All lines from the beginning of the listing through the line with "from ezdxf.math import Vec2, Vec3" are to be copied word for word; the pictures are not.

"""

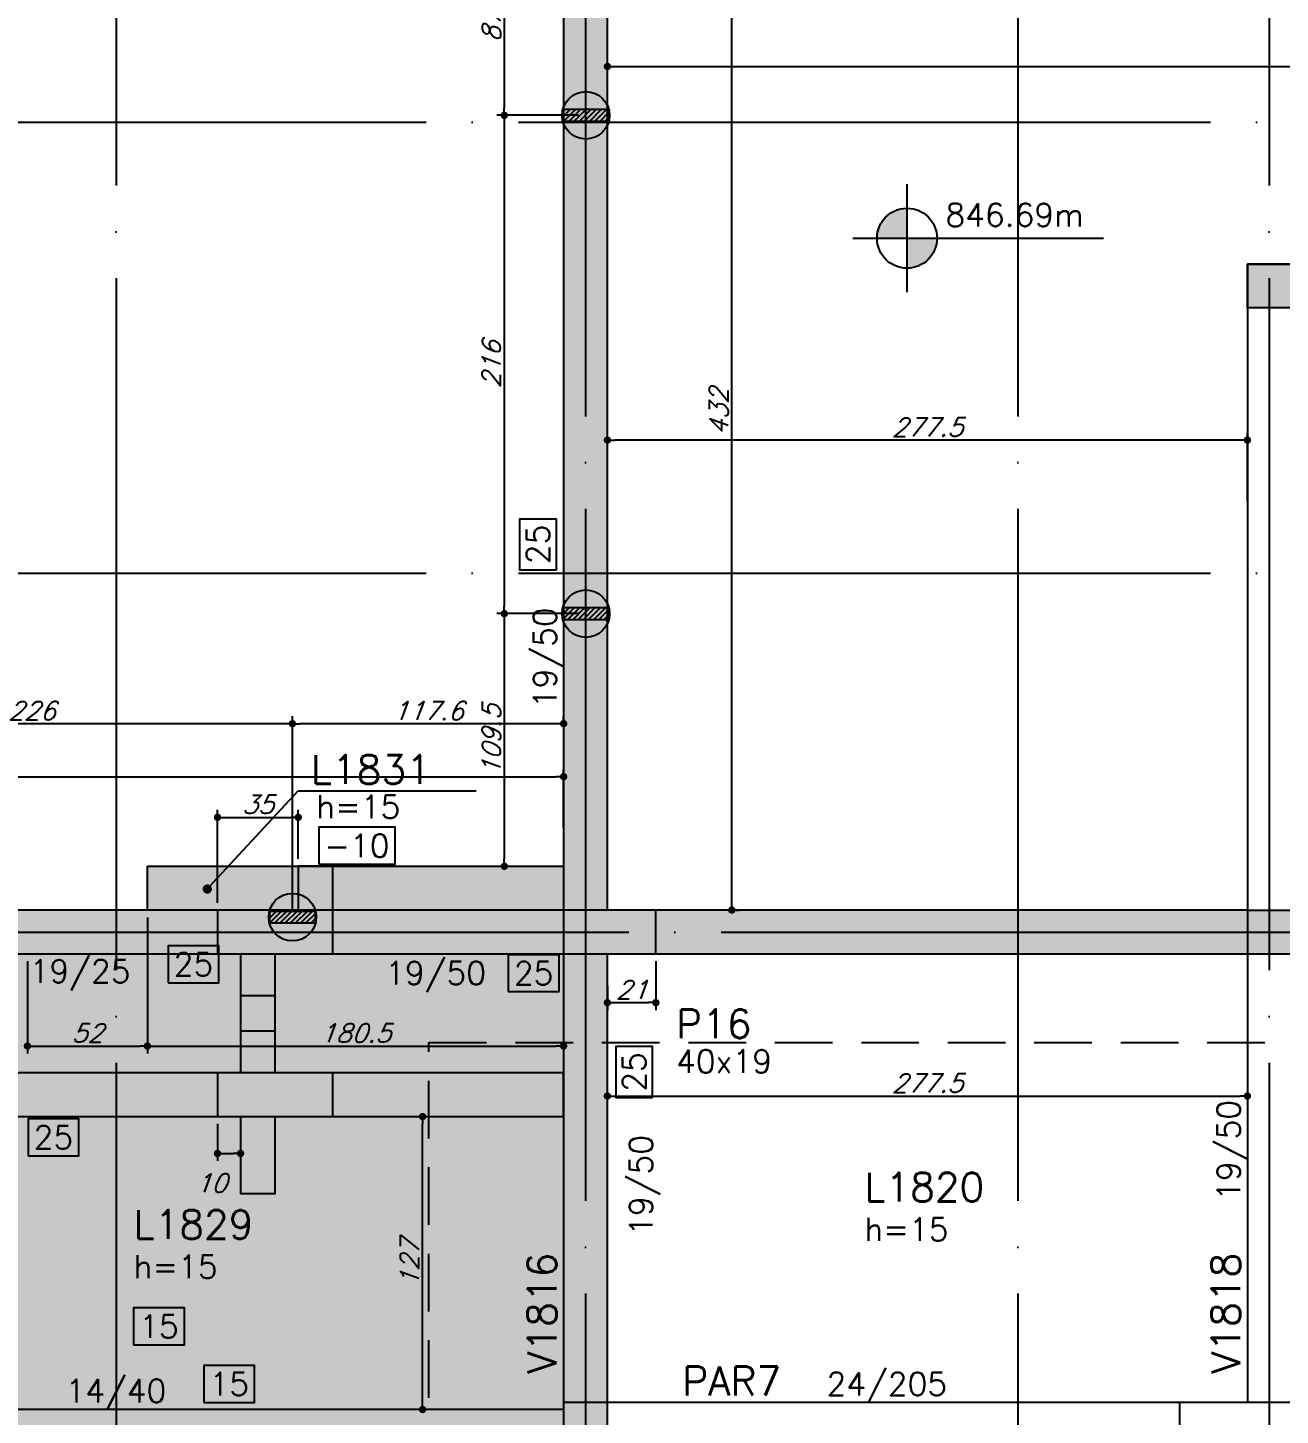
# Model space of a CAD drawing. Header units: millimetres. Extents: x -2404 to 6316, y -1750 to 2455.
# Drawn here: x -748 to -205, y -5 to 596 of the extents above; entities that cross this region are included whole.
import ezdxf
from ezdxf import colors
from ezdxf.entities.mleader import LeaderData, LeaderLine
from ezdxf.enums import TextEntityAlignment as Align
from ezdxf.math import Vec2, Vec3

# ---------------------------------------------------------------- set-up
doc = ezdxf.new("R2010")
doc.units = ezdxf.units.MM
doc.header["$LTSCALE"] = 50
doc.linetypes.add('DASHED', pattern=[0.75, 0.5, -0.25])
doc.linetypes.add('EIXO', pattern=[6.8, 6, -0.4, 0, -0.4])
for name, color, linetype in [('242', 3, 'Continuous'), ('F-ARM', 6, 'Continuous'), ('F-AUX', 2, 'Continuous'), ('F-AUX-RED', 1, 'Continuous'), ('F-CORTE', 4, 'Continuous'), ('F-COTAS', 106, 'Continuous'), ('F-COTAS ANCORAGEM', 106, 'Continuous'), ('F-DESNIVEL-1', 254, 'Continuous'), ('F-EIXO', 12, 'EIXO'), ('F-LAJES', 3, 'Continuous'), ('F-LAJES-DIM', 2, 'Continuous'), ('F-LAJES-NOME', 4, 'Continuous'), ('F-NÍVEL-PLANTA', 2, 'Continuous'), ('F-PILARES-DIM', 172, 'Continuous'), ('F-PILARES-M', 170, 'Continuous'), ('F-PILARES-NOME', 170, 'Continuous'), ('F-SOLIDO-CORTE', 71, 'Continuous'), ('F-TEXTO', 6, 'Continuous'), ('F-VIGAS', 3, 'Continuous'), ('F-VIGAS-DIM', 2, 'Continuous'), ('F-VIGAS-NOME', 4, 'Continuous')]:
    doc.layers.add(name, color=color, linetype=linetype)
doc.layers.add('F-DESNIVEL-2', color=7, linetype='Continuous', true_color=0xffd1e8)
doc.layers.add('F-DESNIVEL-3', color=7, linetype='Continuous', true_color=0xd5c7ff)
doc.styles.add('CP-TEXT-INCL', font='romans.shx', dxfattribs={"oblique": 20})
doc.styles.add('MCP', font='romans.shx')
doc.styles.add('ROMANS', font='romans.shx')
doc.styles.get("Standard").update_dxf_attribs({"font": 'romans.shx'})
doc.dimstyles.new('CP-COTAS-50', dxfattribs={"dimscale": 0.64, "dimtxt": 12.5, "dimasz": 5, "dimexe": 5, "dimexo": 5, "dimgap": 2.5, "dimtad": 1, "dimdec": 1, "dimdsep": 46, "dimtxsty": 'CP-TEXT-INCL', "dimblk1": 'DOT', "dimblk2": 'DOT', "dimsah": 1, "dimcen": 9, "dimclrd": 256, "dimclre": 256, "dimclrt": 256, "dimadec": 0, "dimazin": 0, "dimtfac": 1, "dimtdec": 1, "dimtmove": 2, "dimatfit": 3, "dimldrblk": 'DOT', "dimfxl": 0, "dimtolj": 1, "dimarcsym": 0})

# ---------------------------------------------------------------- blocks, each defined once
blk = doc.blocks.new('*U17')
at = {"layer": 'F-EIXO'}
blk.add_line((0, 0), (4945.5, 0), dxfattribs=at)
at = {"layer": 'F-TEXTO', "style": 'ROMANS'}
blk.add_attdef('EIXO', text='', height=17.5, dxfattribs=at).set_placement((-28.21, 0), align=Align.MIDDLE_CENTER)
blk = doc.blocks.new('*U19')
at = {"layer": 'F-EIXO'}
blk.add_line((0, 0), (0, -2579.78), dxfattribs=at)
at = {"layer": 'F-TEXTO', "style": 'ROMANS'}
blk.add_attdef('EIXO', text='', height=17.5, rotation=360, dxfattribs=at).set_placement((0, 28.21), align=Align.MIDDLE_CENTER)
blk = doc.blocks.new('*U18')
at = {"layer": 'F-EIXO'}
blk.add_line((0, 0), (0, -2479.78), dxfattribs=at)
at = {"layer": 'F-TEXTO', "style": 'ROMANS'}
blk.add_attdef('EIXO', text='', height=17.5, rotation=360, dxfattribs=at).set_placement((0, 28.21), align=Align.MIDDLE_CENTER)
blk = doc.blocks.new('*U20')
at = {"layer": 'F-EIXO'}
blk.add_line((0, 0), (0, -2579.78), dxfattribs=at)
at = {"layer": 'F-TEXTO', "style": 'ROMANS'}
blk.add_attdef('EIXO', text='', height=17.5, rotation=360, dxfattribs=at).set_placement((0, 28.21), align=Align.MIDDLE_CENTER)
blk = doc.blocks.new('*U16')
at = {"layer": 'F-EIXO'}
blk.add_line((0, 0), (4857.5, 0), dxfattribs=at)
at = {"layer": 'F-TEXTO', "style": 'ROMANS'}
blk.add_attdef('EIXO', text='', height=17.5, dxfattribs=at).set_placement((-28.21, 0), align=Align.MIDDLE_CENTER)
blk = doc.blocks.new('*U5')
at = {"layer": 'F-VIGAS-DIM', "color": 1}
blk.add_lwpolyline([(0, 0), (22, 0), (22, 16), (0, 16)], close=True, dxfattribs=at)
at = {"layer": 'F-VIGAS-DIM', "style": 'MCP'}
blk.add_attdef('DIM', text='', height=10, dxfattribs=at).set_placement((11, 8), align=Align.MIDDLE_CENTER)
blk = doc.blocks.new('Nível - Planta')
at = {"layer": 'F-NÍVEL-PLANTA'}
h = blk.add_hatch(color=71, dxfattribs=at)
h.paths.add_polyline_path([(0, 0), (0, 0.26, 0.414214), (-0.26, 0)])
h.paths.add_polyline_path([(0.26, 0), (0, 0), (0, -0.26, 0.414214)])
for p, q in [((0, -0.469), (0, 0.469)), ((-0.469, 0), (1.704, 0))]:
    blk.add_line(p, q, dxfattribs=at)
blk.add_circle((0, 0), 0.26, dxfattribs=at)
at = {"layer": 'F-TEXTO', "color": 3, "style": 'MCP'}
blk.add_attdef('NÍVEL', (0.333, 0.102), '', height=0.2, dxfattribs=at)
blk = doc.blocks.new('*U12')
at = {"layer": 'F-LAJES-DIM', "color": 1}
blk.add_lwpolyline([(0, 0), (22, 0), (22, 16), (0, 16)], close=True, dxfattribs=at)
at = {"layer": 'F-LAJES-DIM', "style": 'MCP'}
blk.add_attdef('DIM', text='', height=10, dxfattribs=at).set_placement((11, 8), align=Align.MIDDLE_CENTER)
blk = doc.blocks.new('_DOT')
at = {"color": 0, "linetype": 'ByBlock'}
blk.add_line((-0.5, 0), (-1, 0), dxfattribs=at)
at = {"color": 0, "linetype": 'ByBlock', "const_width": 0.5}
blk.add_lwpolyline([(-0.25, 0, 1), (0.25, 0, 1)], format="xyb", close=True, dxfattribs=at)
blk = doc.blocks.new('*D48')
at = {"layer": 'DEFPOINTS', "color": 0, "transparency": 16777216}
for p in [(-576.65, 124), (-576.65, 124), (-576.65, -3)]:
    blk.add_point(p, dxfattribs=at)
at = {"layer": 'F-COTAS', "lineweight": -2, "transparency": 16777216}
blk.add_line((-576.65, 0.2), (-576.65, 120.8), dxfattribs=at)
at = {"layer": 'F-COTAS', "lineweight": -2, "transparency": 16777216, "xscale": 3.2, "yscale": 3.2, "zscale": 3.2}
for p, rotation in [((-576.65, 124), 90), ((-576.65, -3), 270)]:
    blk.add_blockref('_DOT', p, dxfattribs=dict(at, rotation=rotation))
at = {"layer": 'F-COTAS', "transparency": 16777216, "insert": (-582.25, 60.5), "char_height": 8, "attachment_point": 5, "rotation": 90, "style": 'CP-TEXT-INCL'}
blk.add_mtext('\\A1;127', dxfattribs=at)
blk = doc.blocks.new('*D71')
at = {"layer": 'DEFPOINTS', "color": 0, "transparency": 16777216}
for p in [(-496.5, 579.17), (1276, 579.17), (1276, 579.17)]:
    blk.add_point(p, dxfattribs=at)
at = {"layer": 'F-COTAS', "lineweight": -2, "transparency": 16777216}
blk.add_line((-493.3, 579.17), (1272.8, 579.17), dxfattribs=at)
at = {"layer": 'F-COTAS', "lineweight": -2, "transparency": 16777216, "xscale": 3.2, "yscale": 3.2, "zscale": 3.2, "rotation": 180}
blk.add_blockref('_DOT', (-496.5, 579.17), dxfattribs=at)
at = {"layer": 'F-COTAS', "lineweight": -2, "transparency": 16777216, "xscale": 3.2, "yscale": 3.2, "zscale": 3.2}
blk.add_blockref('_DOT', (1276, 579.17), dxfattribs=at)
at = {"layer": 'F-COTAS', "transparency": 16777216, "insert": (498.97, 586.17), "char_height": 8, "attachment_point": 5, "style": 'CP-TEXT-INCL'}
blk.add_mtext('\\A1;1772.5', dxfattribs=at)
blk = doc.blocks.new('*D91')
at = {"layer": 'DEFPOINTS', "color": 0, "transparency": 16777216}
for p in [(-515.5, 271.33), (-515.5, 245.99), (-1242, 232.5)]:
    blk.add_point(p, dxfattribs=at)
at = {"layer": 'F-COTAS', "lineweight": -2, "transparency": 16777216}
for p, q in [((-1242, 235.7), (-1242, 274.53)), ((-1238.8, 271.33), (-518.7, 271.33)), ((-515.5, 249.19), (-515.5, 274.53))]:
    blk.add_line(p, q, dxfattribs=at)
at = {"layer": 'F-COTAS', "lineweight": -2, "transparency": 16777216, "xscale": 3.2, "yscale": 3.2, "zscale": 3.2, "rotation": 180}
blk.add_blockref('_DOT', (-1242, 271.33), dxfattribs=at)
at = {"layer": 'F-COTAS', "lineweight": -2, "transparency": 16777216, "xscale": 3.2, "yscale": 3.2, "zscale": 3.2}
blk.add_blockref('_DOT', (-515.5, 271.33), dxfattribs=at)
at = {"layer": 'F-COTAS', "transparency": 16777216, "insert": (-878.75, 276.93), "char_height": 8, "attachment_point": 5, "style": 'CP-TEXT-INCL'}
blk.add_mtext('\\A1;726.5', dxfattribs=at)
blk = doc.blocks.new('*D134')
at = {"layer": 'DEFPOINTS', "color": 0, "transparency": 16777216}
for p in [(-496.5, 417.22), (-496.5, 387.54), (-219, 387.54)]:
    blk.add_point(p, dxfattribs=at)
at = {"layer": 'F-COTAS', "lineweight": -2, "transparency": 16777216}
for p, q in [((-496.5, 390.74), (-496.5, 420.42)), ((-222.2, 417.22), (-493.3, 417.22)), ((-219, 390.74), (-219, 420.42))]:
    blk.add_line(p, q, dxfattribs=at)
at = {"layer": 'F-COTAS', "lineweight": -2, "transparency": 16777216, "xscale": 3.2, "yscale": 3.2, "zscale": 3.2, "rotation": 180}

"""

● EXERCISE RESULT
# Model space of a CAD drawing. Header units: millimetres. Extents: x -2404 to 6316, y -1750 to 2455.
# Drawn here: x -748 to -205, y -5 to 596 of the extents above; entities that cross this region are included whole.
import ezdxf
from ezdxf import colors
from ezdxf.entities.mleader import LeaderData, LeaderLine
from ezdxf.enums import TextEntityAlignment as Align
from ezdxf.math import Vec2, Vec3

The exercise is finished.